**TASK INSTRUCTIONS**
For every line in the data below, check for the word "units", then state how many lines have it. Answer with the number only.

# # # #

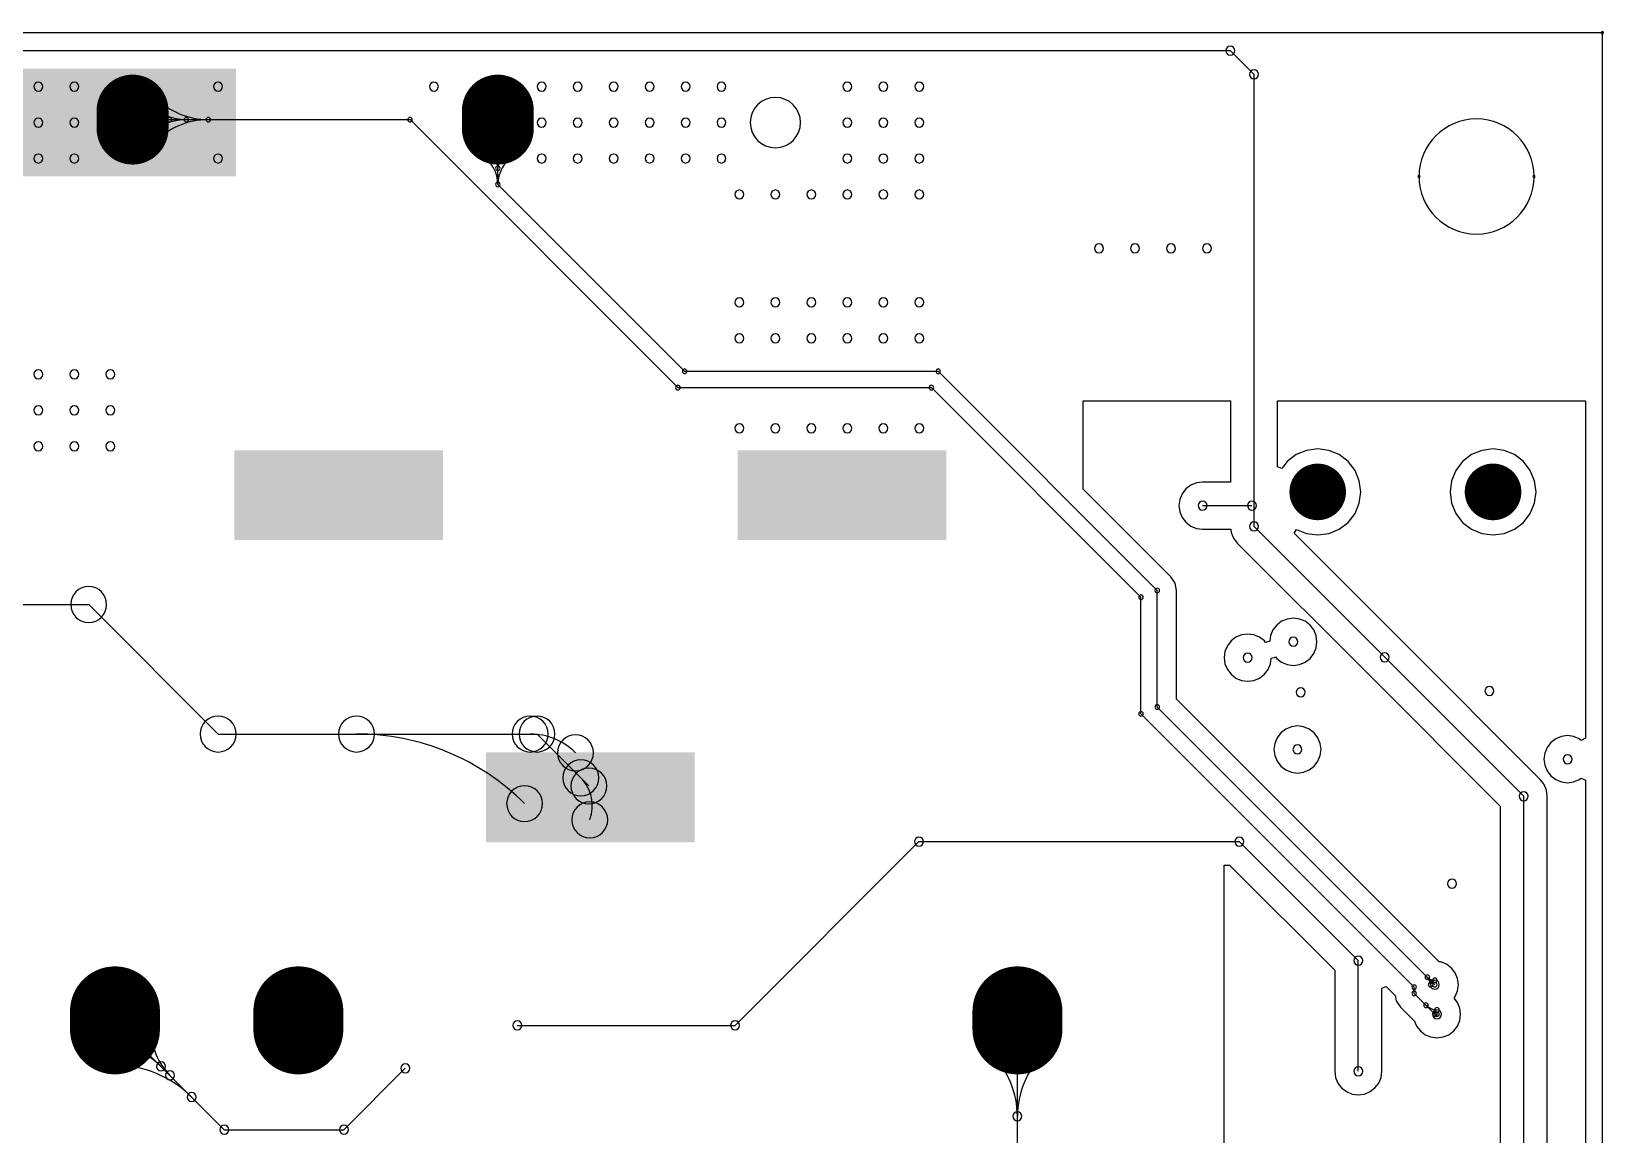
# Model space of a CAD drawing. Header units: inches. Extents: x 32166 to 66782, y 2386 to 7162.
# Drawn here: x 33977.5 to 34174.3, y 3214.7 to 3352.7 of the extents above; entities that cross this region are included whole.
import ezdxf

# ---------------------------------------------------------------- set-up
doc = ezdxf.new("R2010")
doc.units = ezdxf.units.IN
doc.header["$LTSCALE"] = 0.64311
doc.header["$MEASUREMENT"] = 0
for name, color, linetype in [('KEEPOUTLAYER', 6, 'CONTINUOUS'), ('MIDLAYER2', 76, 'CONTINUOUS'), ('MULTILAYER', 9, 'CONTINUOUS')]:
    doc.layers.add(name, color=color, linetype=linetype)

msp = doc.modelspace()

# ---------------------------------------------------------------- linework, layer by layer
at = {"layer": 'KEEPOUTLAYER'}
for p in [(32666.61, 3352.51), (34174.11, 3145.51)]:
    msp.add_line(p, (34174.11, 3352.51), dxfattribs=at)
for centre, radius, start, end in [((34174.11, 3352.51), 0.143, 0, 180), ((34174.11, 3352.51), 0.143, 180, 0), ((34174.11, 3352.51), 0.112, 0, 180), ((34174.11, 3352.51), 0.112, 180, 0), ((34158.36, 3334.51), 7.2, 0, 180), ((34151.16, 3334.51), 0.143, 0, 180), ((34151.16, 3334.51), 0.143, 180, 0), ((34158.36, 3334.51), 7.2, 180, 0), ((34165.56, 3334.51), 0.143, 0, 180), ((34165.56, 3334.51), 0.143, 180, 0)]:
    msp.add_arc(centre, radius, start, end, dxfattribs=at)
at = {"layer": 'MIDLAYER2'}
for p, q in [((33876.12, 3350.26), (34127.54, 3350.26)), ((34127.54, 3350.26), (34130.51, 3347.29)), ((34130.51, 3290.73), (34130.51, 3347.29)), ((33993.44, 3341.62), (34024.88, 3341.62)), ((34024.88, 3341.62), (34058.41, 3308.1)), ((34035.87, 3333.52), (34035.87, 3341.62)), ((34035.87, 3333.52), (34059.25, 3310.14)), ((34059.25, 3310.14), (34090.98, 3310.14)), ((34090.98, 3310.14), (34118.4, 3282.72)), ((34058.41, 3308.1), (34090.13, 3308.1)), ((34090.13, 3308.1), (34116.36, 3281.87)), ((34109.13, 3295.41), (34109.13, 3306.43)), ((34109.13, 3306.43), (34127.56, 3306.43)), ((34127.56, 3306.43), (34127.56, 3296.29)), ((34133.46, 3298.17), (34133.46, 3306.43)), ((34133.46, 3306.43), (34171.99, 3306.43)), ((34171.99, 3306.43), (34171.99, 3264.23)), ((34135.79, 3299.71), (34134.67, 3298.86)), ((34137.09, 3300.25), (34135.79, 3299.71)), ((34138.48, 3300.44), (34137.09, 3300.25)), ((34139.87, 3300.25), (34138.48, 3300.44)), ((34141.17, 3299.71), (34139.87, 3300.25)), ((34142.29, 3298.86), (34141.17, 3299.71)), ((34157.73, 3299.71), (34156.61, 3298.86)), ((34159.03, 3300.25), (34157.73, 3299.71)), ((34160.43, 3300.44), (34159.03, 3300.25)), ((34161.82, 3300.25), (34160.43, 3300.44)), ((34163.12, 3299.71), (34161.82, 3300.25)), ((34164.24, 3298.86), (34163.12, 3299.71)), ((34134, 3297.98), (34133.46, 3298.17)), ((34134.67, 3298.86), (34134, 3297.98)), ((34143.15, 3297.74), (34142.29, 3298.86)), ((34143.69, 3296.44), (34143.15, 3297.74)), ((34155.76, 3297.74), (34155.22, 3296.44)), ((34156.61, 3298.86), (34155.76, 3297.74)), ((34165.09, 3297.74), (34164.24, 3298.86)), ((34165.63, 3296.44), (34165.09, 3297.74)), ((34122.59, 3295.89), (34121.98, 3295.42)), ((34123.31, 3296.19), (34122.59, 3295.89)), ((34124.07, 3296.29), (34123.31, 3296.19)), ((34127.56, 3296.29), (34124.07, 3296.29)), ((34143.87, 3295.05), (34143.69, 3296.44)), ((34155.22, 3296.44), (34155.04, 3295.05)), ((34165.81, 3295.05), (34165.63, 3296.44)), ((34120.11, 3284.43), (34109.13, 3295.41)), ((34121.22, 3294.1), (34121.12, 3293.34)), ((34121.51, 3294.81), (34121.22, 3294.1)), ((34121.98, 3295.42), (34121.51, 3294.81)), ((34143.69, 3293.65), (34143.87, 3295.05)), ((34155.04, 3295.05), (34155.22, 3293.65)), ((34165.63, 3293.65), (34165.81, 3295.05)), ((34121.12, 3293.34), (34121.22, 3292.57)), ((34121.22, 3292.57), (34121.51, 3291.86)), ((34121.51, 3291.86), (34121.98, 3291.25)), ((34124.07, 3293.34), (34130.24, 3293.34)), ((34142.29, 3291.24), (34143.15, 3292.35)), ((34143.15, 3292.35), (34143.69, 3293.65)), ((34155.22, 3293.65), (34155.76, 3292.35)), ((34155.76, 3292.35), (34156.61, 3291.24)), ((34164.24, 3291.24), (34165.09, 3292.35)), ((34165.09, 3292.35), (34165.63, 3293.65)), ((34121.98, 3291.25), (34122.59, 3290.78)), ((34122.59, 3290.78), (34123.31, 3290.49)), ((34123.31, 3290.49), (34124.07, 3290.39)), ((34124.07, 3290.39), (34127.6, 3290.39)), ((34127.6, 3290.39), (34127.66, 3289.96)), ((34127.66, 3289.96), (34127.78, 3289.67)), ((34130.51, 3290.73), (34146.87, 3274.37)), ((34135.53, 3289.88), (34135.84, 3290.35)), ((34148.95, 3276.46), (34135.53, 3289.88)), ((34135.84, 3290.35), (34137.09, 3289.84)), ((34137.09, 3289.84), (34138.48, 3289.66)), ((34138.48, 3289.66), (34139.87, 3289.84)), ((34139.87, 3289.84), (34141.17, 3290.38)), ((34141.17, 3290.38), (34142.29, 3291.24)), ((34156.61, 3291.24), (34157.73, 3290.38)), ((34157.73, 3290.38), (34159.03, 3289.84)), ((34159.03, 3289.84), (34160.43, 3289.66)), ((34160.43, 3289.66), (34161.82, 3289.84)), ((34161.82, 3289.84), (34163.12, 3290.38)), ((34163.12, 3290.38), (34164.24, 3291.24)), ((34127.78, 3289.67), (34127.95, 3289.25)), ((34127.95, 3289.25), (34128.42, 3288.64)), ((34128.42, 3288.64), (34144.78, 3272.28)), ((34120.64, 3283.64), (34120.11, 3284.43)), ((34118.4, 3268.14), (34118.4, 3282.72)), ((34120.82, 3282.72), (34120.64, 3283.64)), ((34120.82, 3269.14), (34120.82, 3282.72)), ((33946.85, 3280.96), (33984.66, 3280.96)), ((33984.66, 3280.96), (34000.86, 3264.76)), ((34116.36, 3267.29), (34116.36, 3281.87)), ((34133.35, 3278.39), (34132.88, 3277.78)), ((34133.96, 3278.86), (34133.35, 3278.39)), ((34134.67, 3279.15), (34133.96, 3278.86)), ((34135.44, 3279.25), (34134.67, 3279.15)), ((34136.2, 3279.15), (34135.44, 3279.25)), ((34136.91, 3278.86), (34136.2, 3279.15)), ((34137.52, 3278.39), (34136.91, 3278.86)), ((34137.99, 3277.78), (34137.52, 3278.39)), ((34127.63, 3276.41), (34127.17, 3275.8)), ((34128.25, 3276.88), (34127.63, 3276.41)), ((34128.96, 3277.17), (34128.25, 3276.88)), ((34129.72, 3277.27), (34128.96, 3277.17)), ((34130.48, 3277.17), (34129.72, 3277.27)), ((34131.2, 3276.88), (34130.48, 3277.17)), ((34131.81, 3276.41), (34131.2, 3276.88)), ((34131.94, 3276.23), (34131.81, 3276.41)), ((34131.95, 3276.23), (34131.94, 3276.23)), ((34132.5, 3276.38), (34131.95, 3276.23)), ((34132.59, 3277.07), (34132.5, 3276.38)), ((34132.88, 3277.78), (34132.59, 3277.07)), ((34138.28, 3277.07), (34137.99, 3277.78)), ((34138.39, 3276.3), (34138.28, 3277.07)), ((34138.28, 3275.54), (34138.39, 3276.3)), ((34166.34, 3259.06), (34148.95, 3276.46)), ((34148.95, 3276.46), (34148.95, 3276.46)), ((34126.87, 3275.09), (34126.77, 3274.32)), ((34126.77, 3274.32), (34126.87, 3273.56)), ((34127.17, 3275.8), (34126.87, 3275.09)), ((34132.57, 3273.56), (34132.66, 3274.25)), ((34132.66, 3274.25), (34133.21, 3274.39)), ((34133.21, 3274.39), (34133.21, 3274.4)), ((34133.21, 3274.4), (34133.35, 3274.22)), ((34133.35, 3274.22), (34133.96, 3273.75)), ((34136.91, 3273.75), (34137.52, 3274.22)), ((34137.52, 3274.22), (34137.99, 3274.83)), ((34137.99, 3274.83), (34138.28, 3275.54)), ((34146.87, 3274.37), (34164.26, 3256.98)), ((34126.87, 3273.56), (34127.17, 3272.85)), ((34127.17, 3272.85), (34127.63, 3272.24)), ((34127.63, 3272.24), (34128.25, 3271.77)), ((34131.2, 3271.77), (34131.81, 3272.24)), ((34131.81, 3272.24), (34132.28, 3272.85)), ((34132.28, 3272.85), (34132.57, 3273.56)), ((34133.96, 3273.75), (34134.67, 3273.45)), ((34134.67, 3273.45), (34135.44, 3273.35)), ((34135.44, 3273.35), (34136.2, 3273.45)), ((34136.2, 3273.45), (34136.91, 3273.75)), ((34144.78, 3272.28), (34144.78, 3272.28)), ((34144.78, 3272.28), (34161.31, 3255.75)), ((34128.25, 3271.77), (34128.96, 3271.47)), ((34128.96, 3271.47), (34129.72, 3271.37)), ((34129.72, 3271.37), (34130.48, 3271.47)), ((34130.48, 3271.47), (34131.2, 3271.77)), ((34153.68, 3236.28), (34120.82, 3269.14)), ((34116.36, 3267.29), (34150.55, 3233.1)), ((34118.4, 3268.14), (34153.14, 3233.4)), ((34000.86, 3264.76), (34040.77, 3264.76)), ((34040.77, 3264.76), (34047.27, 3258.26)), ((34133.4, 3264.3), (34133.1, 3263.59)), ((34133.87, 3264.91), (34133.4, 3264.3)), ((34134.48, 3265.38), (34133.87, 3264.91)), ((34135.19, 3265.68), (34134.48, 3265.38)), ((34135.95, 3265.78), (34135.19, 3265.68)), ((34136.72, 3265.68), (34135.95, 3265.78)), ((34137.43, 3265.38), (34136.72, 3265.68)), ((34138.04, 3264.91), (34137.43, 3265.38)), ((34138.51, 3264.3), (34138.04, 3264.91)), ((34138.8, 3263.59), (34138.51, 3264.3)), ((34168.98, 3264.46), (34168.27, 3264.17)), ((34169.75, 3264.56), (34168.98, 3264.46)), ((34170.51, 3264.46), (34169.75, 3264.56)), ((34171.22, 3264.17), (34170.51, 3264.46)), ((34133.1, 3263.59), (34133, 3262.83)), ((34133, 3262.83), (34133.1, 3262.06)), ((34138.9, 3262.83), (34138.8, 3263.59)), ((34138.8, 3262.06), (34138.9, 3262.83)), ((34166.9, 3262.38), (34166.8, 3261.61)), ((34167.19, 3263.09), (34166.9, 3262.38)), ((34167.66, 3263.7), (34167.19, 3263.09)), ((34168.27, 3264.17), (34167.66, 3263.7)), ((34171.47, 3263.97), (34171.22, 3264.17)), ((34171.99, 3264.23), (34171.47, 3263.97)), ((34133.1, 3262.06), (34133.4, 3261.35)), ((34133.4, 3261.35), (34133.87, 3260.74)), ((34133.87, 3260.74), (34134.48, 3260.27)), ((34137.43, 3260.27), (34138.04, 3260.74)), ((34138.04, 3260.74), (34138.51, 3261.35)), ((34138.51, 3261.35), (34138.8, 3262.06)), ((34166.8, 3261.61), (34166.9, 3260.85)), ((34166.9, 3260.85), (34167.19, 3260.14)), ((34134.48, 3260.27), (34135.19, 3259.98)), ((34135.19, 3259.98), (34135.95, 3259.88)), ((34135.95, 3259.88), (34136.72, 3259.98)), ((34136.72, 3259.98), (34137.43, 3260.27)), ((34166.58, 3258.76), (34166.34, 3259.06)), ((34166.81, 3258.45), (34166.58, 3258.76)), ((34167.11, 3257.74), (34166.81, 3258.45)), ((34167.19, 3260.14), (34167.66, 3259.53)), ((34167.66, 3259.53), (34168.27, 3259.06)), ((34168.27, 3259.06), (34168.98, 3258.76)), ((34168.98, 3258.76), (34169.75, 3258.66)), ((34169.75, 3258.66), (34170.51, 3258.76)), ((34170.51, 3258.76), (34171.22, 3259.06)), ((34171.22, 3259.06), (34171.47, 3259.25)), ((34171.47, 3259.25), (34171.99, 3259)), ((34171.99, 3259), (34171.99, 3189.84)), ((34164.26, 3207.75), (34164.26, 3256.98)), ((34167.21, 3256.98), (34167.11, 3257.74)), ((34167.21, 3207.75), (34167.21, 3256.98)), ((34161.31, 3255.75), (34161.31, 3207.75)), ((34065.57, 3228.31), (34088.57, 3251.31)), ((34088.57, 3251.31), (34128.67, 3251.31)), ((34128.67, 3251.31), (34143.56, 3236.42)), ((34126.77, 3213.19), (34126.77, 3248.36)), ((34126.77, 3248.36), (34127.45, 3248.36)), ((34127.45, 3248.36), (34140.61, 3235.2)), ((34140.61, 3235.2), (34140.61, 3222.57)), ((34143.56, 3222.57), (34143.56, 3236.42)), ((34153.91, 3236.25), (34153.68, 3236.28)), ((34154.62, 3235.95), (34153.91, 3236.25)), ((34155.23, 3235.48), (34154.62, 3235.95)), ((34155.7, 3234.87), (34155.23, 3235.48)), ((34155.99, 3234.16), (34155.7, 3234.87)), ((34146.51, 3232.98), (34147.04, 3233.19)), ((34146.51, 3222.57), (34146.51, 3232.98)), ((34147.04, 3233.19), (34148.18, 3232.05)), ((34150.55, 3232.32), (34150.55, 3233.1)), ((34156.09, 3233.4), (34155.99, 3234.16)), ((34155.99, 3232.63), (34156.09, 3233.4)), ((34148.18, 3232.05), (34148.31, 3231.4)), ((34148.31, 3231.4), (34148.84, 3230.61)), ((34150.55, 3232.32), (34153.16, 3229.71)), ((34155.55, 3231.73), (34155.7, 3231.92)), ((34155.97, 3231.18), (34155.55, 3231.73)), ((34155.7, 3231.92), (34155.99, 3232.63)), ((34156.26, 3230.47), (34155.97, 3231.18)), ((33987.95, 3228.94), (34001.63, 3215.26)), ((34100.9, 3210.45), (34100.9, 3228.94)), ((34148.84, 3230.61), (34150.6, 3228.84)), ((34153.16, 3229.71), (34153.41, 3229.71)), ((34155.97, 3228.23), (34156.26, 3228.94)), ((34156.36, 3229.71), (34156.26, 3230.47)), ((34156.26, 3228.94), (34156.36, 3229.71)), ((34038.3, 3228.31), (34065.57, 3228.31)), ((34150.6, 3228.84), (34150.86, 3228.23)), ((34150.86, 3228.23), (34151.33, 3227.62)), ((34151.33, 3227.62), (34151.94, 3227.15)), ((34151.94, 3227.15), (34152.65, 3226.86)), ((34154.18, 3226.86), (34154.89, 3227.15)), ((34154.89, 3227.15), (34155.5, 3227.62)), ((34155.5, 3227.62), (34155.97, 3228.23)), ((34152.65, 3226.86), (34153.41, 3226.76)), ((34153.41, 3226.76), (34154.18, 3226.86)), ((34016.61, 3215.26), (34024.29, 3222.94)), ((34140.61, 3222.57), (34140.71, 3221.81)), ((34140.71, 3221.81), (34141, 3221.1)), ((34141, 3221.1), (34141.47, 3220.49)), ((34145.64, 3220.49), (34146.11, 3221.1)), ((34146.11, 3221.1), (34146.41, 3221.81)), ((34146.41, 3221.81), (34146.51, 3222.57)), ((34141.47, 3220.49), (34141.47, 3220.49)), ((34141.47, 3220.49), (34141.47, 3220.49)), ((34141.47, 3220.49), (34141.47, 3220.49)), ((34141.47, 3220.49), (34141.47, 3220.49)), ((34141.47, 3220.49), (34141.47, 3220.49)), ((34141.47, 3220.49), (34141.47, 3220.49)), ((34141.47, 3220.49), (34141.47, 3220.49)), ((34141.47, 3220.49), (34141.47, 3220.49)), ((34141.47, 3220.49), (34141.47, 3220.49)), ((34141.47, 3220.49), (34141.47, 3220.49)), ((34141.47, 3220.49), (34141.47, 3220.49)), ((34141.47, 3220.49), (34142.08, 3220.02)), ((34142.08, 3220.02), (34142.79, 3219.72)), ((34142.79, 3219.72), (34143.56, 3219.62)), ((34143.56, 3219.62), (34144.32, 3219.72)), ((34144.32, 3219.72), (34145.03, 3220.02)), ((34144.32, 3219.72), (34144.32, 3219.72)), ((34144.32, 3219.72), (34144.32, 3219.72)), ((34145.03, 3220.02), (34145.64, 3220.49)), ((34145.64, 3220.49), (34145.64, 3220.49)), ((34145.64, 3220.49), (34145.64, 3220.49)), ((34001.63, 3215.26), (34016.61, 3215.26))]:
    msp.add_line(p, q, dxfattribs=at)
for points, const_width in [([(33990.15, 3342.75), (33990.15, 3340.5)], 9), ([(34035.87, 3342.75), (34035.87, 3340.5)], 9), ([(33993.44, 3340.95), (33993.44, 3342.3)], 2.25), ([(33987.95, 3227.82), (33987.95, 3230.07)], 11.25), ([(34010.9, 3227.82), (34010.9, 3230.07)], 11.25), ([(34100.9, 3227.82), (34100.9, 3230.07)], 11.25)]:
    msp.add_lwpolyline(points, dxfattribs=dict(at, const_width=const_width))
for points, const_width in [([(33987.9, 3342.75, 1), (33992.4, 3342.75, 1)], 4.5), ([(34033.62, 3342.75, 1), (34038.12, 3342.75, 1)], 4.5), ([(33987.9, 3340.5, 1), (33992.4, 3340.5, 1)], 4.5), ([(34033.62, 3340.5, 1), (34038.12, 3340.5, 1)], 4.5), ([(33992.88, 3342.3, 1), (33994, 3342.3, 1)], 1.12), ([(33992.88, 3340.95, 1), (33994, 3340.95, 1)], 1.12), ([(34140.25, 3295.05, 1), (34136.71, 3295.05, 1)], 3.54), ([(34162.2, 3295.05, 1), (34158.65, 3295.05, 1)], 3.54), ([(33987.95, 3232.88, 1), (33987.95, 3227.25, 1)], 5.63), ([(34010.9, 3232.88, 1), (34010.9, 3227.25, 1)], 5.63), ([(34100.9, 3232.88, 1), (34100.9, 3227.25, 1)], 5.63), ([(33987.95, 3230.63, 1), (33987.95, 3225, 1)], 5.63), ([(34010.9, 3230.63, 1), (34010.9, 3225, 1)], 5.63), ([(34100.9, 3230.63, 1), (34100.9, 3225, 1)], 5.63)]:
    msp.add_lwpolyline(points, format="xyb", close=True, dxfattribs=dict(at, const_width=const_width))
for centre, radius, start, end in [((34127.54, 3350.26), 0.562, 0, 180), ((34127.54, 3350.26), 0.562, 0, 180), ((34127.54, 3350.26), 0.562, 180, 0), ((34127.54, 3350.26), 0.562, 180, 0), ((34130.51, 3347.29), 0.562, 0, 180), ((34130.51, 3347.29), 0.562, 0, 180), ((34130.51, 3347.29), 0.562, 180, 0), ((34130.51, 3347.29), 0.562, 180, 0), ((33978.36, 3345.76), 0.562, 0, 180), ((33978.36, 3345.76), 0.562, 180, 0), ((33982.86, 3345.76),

# # # #

**TASK SOLUTION**
2